John Mighton

JUMP Math

Toronto, ON

John Mighton JUMP Math Ashoka Canada Fellow

Sector Impact

Children & Youth

Civic Engagement

Education

Human Rights & Equality

Indigenous Peoples & Reconciliation

Science & Technology

Building children’s self-confidence through math

John Mighton is empowering frustrated math learners and educators with a teaching philosophy and methodology that assumes all kids can learn math.

Taking the division out of math classrooms.

In North American schools, math too often divides people: those who can grasp basic concepts and those who can’t, those who can afford small classes and private tutors, and those who lack the resources. 

Traditional methods for teaching math leave most teachers unprepared to manage the individual strengths and weaknesses of their students. Struggling students learn to blame themselves instead of a system that failed to set them up for success and this can have long-lasting impacts on their self-esteem and future career prospects.  

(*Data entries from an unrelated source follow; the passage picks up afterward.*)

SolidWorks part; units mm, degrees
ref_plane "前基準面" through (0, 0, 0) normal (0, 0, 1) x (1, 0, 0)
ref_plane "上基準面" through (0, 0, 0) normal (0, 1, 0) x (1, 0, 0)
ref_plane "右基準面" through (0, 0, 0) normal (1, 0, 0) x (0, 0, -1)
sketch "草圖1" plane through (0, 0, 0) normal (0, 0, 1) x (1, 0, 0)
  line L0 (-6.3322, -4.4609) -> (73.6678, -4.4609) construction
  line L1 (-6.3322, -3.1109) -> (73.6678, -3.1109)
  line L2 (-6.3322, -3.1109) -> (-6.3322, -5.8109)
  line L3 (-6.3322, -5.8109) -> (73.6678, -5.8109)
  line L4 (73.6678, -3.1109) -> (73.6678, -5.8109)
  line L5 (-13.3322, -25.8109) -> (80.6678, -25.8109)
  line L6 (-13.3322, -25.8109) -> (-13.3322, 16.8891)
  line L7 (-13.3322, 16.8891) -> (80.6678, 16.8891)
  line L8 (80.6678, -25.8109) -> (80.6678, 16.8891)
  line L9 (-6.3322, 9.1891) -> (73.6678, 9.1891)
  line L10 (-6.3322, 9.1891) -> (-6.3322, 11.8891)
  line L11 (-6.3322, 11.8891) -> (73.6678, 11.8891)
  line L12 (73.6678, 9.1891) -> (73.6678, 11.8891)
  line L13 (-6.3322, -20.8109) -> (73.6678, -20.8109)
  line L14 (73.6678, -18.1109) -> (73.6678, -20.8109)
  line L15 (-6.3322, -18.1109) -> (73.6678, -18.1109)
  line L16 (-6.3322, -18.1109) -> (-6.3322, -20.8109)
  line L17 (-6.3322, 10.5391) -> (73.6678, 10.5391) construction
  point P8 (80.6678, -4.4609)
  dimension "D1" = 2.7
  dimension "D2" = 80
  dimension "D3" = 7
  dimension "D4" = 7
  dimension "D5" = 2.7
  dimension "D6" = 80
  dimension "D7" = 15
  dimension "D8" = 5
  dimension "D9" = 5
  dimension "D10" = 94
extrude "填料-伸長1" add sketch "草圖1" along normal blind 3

As a child, John Mighton read a book about time-travelling that left him with the impression that math is magical and transcendent. But after getting a ‘D’ in calculus during university, John dropped math to pursue playwriting. While he became a successful writer, even earning a Governor General’s Award, his childhood beliefs about math’s magic stayed with him, and he stayed connected to the subject as a part-time tutor.  

John found his students were being discouraged about their capacity for learning math, and he started to imagine a new teaching paradigm premised on the idea that all kids can learn math. He returned to school, earned a doctorate in mathematics, and in 1999, he launched JUMP — Junior Undiscovered Mathematical Prodigies.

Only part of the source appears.